Task prompt: Please find the number of lines in the material below where the string "bigfont" occurs, and give only that number.

Records for this exercise:

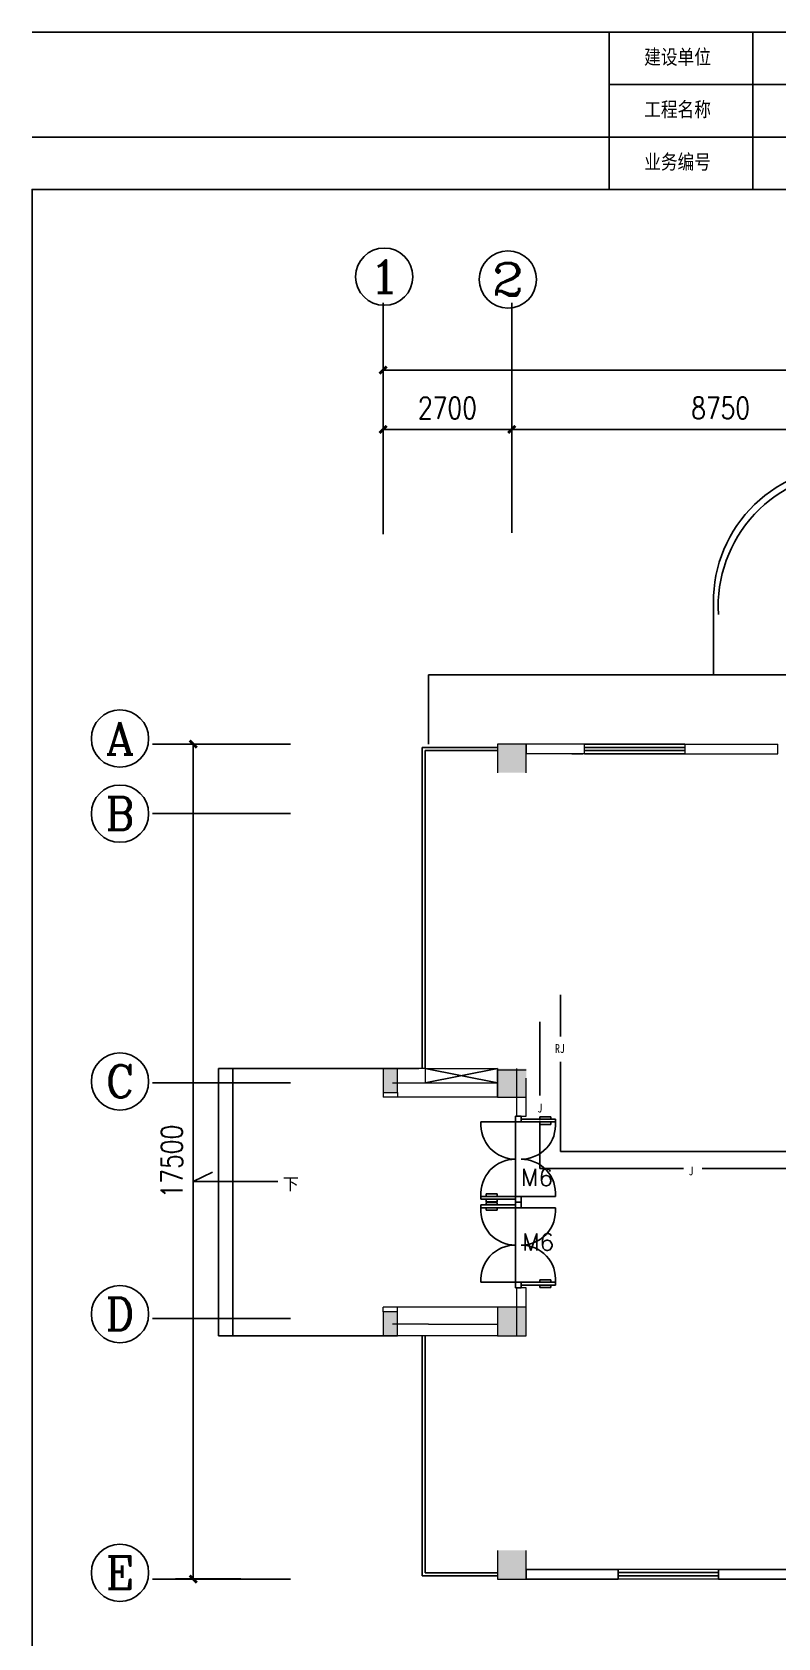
# Model space of a CAD drawing. Extents: x 1487452 to 1619693, y 165319 to 350168.
# Drawn here: x 1561972 to 1577601, y 279401 to 313062 of the extents above; entities that cross this region are included whole.
import ezdxf
from ezdxf.enums import TextEntityAlignment as Align

# ---------------------------------------------------------------- set-up
doc = ezdxf.new("R2010")
doc.units = 0
doc.header["$LTSCALE"] = 1000
doc.header["$MEASUREMENT"] = 0
doc.layers.get('0').update_dxf_attribs({"linetype": 'CONTINUOUS'})
doc.layers.get('Defpoints').update_dxf_attribs({"linetype": 'CONTINUOUS'})
for name, color, linetype in [('2', 6, 'CONTINUOUS'), ('AXIS', 3, 'CONTINUOUS'), ('AXIS_TEXT', 7, 'CONTINUOUS'), ('COLUMN', 9, 'CONTINUOUS'), ('Dim3', 30, 'CONTINUOUS'), ('DIME', 3, 'CONTINUOUS'), ('G', 4, 'CONTINUOUS'), ('WALL', 4, 'CONTINUOUS')]:
    doc.layers.add(name, color=color, linetype=linetype)
doc.styles.add('-宋体', font='SimSun.ttf', dxfattribs={"width": 0.8})
doc.styles.add('_TCH_AXIS', font='COMPLEX', dxfattribs={"bigfont": 'GBCBIG'})
doc.styles.add('_TCH_DIM', font='SIMPLEX', dxfattribs={"bigfont": 'GBCBIG'})
doc.styles.add('DIM_FONT', font='SIMPLEX.shx', dxfattribs={"width": 0.8})
doc.styles.add('黑体', font='SIMHEI.TTF')
doc.dimstyles.new('DIMN150', dxfattribs={"dimscale": 1.5, "dimtxt": 300, "dimasz": 100, "dimexe": 250, "dimexo": 300, "dimgap": 150, "dimtad": 1, "dimdec": 0, "dimzin": 0, "dimdsep": 46, "dimtxsty": 'DIM_FONT', "dimblk": 'ARCHTICK', "dimcen": 0.09, "dimclrt": 7, "dimazin": 2, "dimtfac": 1, "dimtdec": 0, "dimtix": 1, "dimtmove": 2, "dimatfit": 3, "dimldrblk": 'ARCHTICK', "dimfxl": 1, "dimtolj": 1, "dimtzin": 0, "dimarcsym": 0})

# ---------------------------------------------------------------- blocks, each defined once
blk = doc.blocks.new('_ArchTick')
at = {"color": 0, "linetype": 'ByBlock', "const_width": 0.4}
blk.add_lwpolyline([(-0.5, -0.5), (0.5, 0.5)], dxfattribs=at)
blk = doc.blocks.new('*D146')
at = {"layer": 'AXIS', "color": 0, "linetype": 'Continuous', "lineweight": -2, "transparency": 16777216}
for p, q in [((1566344, 298136), (1564974, 298136)), ((1565349, 298136), (1565349, 280636)), ((1566344, 280636), (1564974, 280636))]:
    blk.add_line(p, q, dxfattribs=at)
at = {"layer": 'Defpoints', "color": 0, "linetype": 'Continuous', "transparency": 16777216}
for p in [(1566794, 298136), (1565349, 280636), (1566794, 280636)]:
    blk.add_point(p, dxfattribs=at)
at = {"layer": 'AXIS', "color": 0, "linetype": 'Continuous', "lineweight": -2, "transparency": 16777216, "xscale": 150, "yscale": 150, "zscale": 150}
for p, rotation in [((1565349, 298136), 90), ((1565349, 280636), 270)]:
    blk.add_blockref('_ArchTick', p, dxfattribs=dict(at, rotation=rotation))
at = {"layer": 'AXIS', "color": 2, "linetype": 'Continuous', "transparency": 16777216, "insert": (1564899, 289386), "char_height": 450, "attachment_point": 5, "rotation": 90, "style": 'DIM_FONT'}
blk.add_mtext('\\A1;17500', dxfattribs=at)
blk = doc.blocks.new('*D152')
at = {"layer": 'AXIS', "color": 0, "linetype": 'Continuous', "lineweight": -2, "transparency": 16777216}
for p, q in [((1569326, 303014), (1569326, 305108)), ((1572026, 303014), (1572026, 305108)), ((1569326, 304733), (1572026, 304733))]:
    blk.add_line(p, q, dxfattribs=at)
at = {"layer": 'Defpoints', "color": 0, "linetype": 'Continuous', "transparency": 16777216}
for p in [(1572026, 304733), (1569326, 302564), (1572026, 302564)]:
    blk.add_point(p, dxfattribs=at)
at = {"layer": 'AXIS', "color": 0, "linetype": 'Continuous', "lineweight": -2, "transparency": 16777216, "xscale": 150, "yscale": 150, "zscale": 150, "rotation": 180}
blk.add_blockref('_ArchTick', (1569326, 304733), dxfattribs=at)
at = {"layer": 'AXIS', "color": 0, "linetype": 'Continuous', "lineweight": -2, "transparency": 16777216, "xscale": 150, "yscale": 150, "zscale": 150}
blk.add_blockref('_ArchTick', (1572026, 304733), dxfattribs=at)
at = {"layer": 'AXIS', "color": 2, "linetype": 'Continuous', "transparency": 16777216, "insert": (1570676, 305183), "char_height": 450, "attachment_point": 5, "style": 'DIM_FONT'}
blk.add_mtext('\\A1;2700', dxfattribs=at)
blk = doc.blocks.new('*D153')
at = {"layer": 'AXIS', "color": 0, "linetype": 'Continuous', "lineweight": -2, "transparency": 16777216}
for p, q in [((1572026, 303014), (1572026, 305108)), ((1580776, 303014), (1580776, 305108)), ((1572026, 304733), (1580776, 304733))]:
    blk.add_line(p, q, dxfattribs=at)
at = {"layer": 'Defpoints', "color": 0, "linetype": 'Continuous', "transparency": 16777216}
for p in [(1580776, 304733), (1572026, 302564), (1580776, 302564)]:
    blk.add_point(p, dxfattribs=at)
at = {"layer": 'AXIS', "color": 0, "linetype": 'Continuous', "lineweight": -2, "transparency": 16777216, "xscale": 150, "yscale": 150, "zscale": 150, "rotation": 180}
blk.add_blockref('_ArchTick', (1572026, 304733), dxfattribs=at)
at = {"layer": 'AXIS', "color": 0, "linetype": 'Continuous', "lineweight": -2, "transparency": 16777216, "xscale": 150, "yscale": 150, "zscale": 150}
blk.add_blockref('_ArchTick', (1580776, 304733), dxfattribs=at)
at = {"layer": 'AXIS', "color": 2, "linetype": 'Continuous', "transparency": 16777216, "insert": (1576401, 305183), "char_height": 450, "attachment_point": 5, "style": 'DIM_FONT'}
blk.add_mtext('\\A1;8750', dxfattribs=at)
blk = doc.blocks.new('*D160')
at = {"layer": 'AXIS', "color": 0, "linetype": 'Continuous', "lineweight": -2, "transparency": 16777216}
for p, q in [((1569326, 302539), (1569326, 306352)), ((1613476, 302539), (1613476, 306352)), ((1569326, 305977), (1613476, 305977))]:
    blk.add_line(p, q, dxfattribs=at)
at = {"layer": 'Defpoints', "color": 0, "linetype": 'Continuous', "transparency": 16777216}
for p in [(1613476, 305977), (1569326, 302089), (1613476, 302089)]:
    blk.add_point(p, dxfattribs=at)
at = {"layer": 'AXIS', "color": 0, "linetype": 'Continuous', "lineweight": -2, "transparency": 16777216, "xscale": 150, "yscale": 150, "zscale": 150, "rotation": 180}
blk.add_blockref('_ArchTick', (1569326, 305977), dxfattribs=at)
at = {"layer": 'AXIS', "color": 0, "linetype": 'Continuous', "lineweight": -2, "transparency": 16777216, "xscale": 150, "yscale": 150, "zscale": 150}
blk.add_blockref('_ArchTick', (1613476, 305977), dxfattribs=at)
at = {"layer": 'AXIS', "color": 2, "linetype": 'Continuous', "transparency": 16777216, "insert": (1591401, 306427), "char_height": 450, "attachment_point": 5, "style": 'DIM_FONT'}
blk.add_mtext('\\A1;44150', dxfattribs=at)

msp = doc.modelspace()

# ---------------------------------------------------------------- hatches: boundary and pattern name
at = {"lineweight": 13}
for points in [[(1571726.2, 297535.6), (1572326.2, 297535.6), (1572326.2, 298135.6), (1571726.2, 298135.6)], [(1569326.2, 290835.6), (1569626.2, 290835.6), (1569626.2, 291335.6), (1569326.2, 291335.6)], [(1571726.2, 290735.6), (1572326.2, 290735.6), (1572326.2, 291335.6), (1571726.2, 291335.6)], [(1569326.2, 285735.6), (1569626.2, 285735.6), (1569626.2, 286235.6), (1569326.2, 286235.6)], [(1571726.2, 285735.6), (1572326.2, 285735.6), (1572326.2, 286335.6), (1571726.2, 286335.6)], [(1571726.2, 280635.6), (1572326.2, 280635.6), (1572326.2, 281235.6), (1571726.2, 281235.6)], [(1571726.2, 280635.6), (1572326.2, 280635.6), (1572326.2, 281235.6), (1571726.2, 281235.6)]]:
    msp.add_hatch(color=256, dxfattribs=at).paths.add_polyline_path(points)

# ---------------------------------------------------------------- linework, layer by layer
at = {"color": 4}
for p, q in [((1561972.5, 313061.8), (1619692.7, 313061.8)), ((1574067.7, 313061.8), (1574067.7, 309763.5)), ((1577078.2, 313061.8), (1577078.2, 309763.5)), ((1574067.7, 311962.4), (1587277, 311962.4)), ((1561972.5, 310862.9), (1587277, 310862.9))]:
    msp.add_line(p, q, dxfattribs=at)
at = {"color": 7}
for q in [(1619692.7, 309763.5), (1561972.5, 269359.3)]:
    msp.add_line((1561972.5, 309763.5), q, dxfattribs=at)
at = {"lineweight": 13}
for p, q in [((1572326.2, 298135.6), (1571726.2, 298135.6)), ((1571726.2, 298135.6), (1571726.2, 297535.6)), ((1572326.2, 297535.6), (1572326.2, 298135.6)), ((1572326.2, 298135.6), (1572326.2, 297935.6)), ((1573551.2, 298135.6), (1572326.2, 298135.6)), ((1573551.2, 297935.6), (1572326.2, 297935.6)), ((1573551.2, 297935.6), (1573551.2, 298135.6)), ((1575651.2, 298135.6), (1575651.2, 297935.6)), ((1575651.2, 298135.6), (1577601.2, 298135.6)), ((1575651.2, 297935.6), (1577601.2, 297935.6)), ((1577601.2, 297935.6), (1577601.2, 298135.6)), ((1569326.2, 291335.6), (1570076.2, 291335.6)), ((1569626.2, 291335.6), (1569326.2, 291335.6)), ((1569326.2, 291335.6), (1569326.2, 290835.6)), ((1569626.2, 290835.6), (1569626.2, 291335.6)), ((1570206.2, 291335.6), (1569626.2, 291335.6)), ((1570206.2, 291335.6), (1571726.2, 291335.6)), ((1570206.2, 291335.6), (1570206.2, 291035.6)), ((1572328.5, 291301.8), (1571728.5, 291301.8)), ((1572124.4, 291335.6), (1572124.4, 290335.9)), ((1569326.2, 290835.6), (1569626.2, 290835.6)), ((1569326.2, 290835.6), (1569326.2, 290735.6)), ((1569526.2, 291035.6), (1571726.2, 291035.6)), ((1569626.2, 290835.6), (1569626.2, 290735.6)), ((1572324.4, 290335.9), (1572324.4, 291135.6)), ((1571726.2, 290735.6), (1569326.2, 290735.6)), ((1571726.2, 290735.6), (1572326.2, 290735.6)), ((1572124.4, 290335.9), (1572324.4, 290335.9)), ((1572324.4, 286735.9), (1572124.4, 286735.9)), ((1572124.4, 286735.9), (1572124.4, 285735.6)), ((1572324.4, 285975.6), (1572324.4, 286735.9)), ((1571726.2, 286335.6), (1569326.2, 286335.6)), ((1569326.2, 286235.6), (1569326.2, 286335.6)), ((1569626.2, 286235.6), (1569326.2, 286235.6)), ((1569326.2, 286235.6), (1569326.2, 285735.6)), ((1569626.2, 286235.6), (1569626.2, 286335.6)), ((1569626.2, 285735.6), (1569626.2, 286235.6)), ((1572326.2, 286335.6), (1571726.2, 286335.6)), ((1571726.2, 286335.6), (1571726.2, 285735.6)), ((1572326.2, 285735.6), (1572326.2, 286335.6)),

Answer below: 2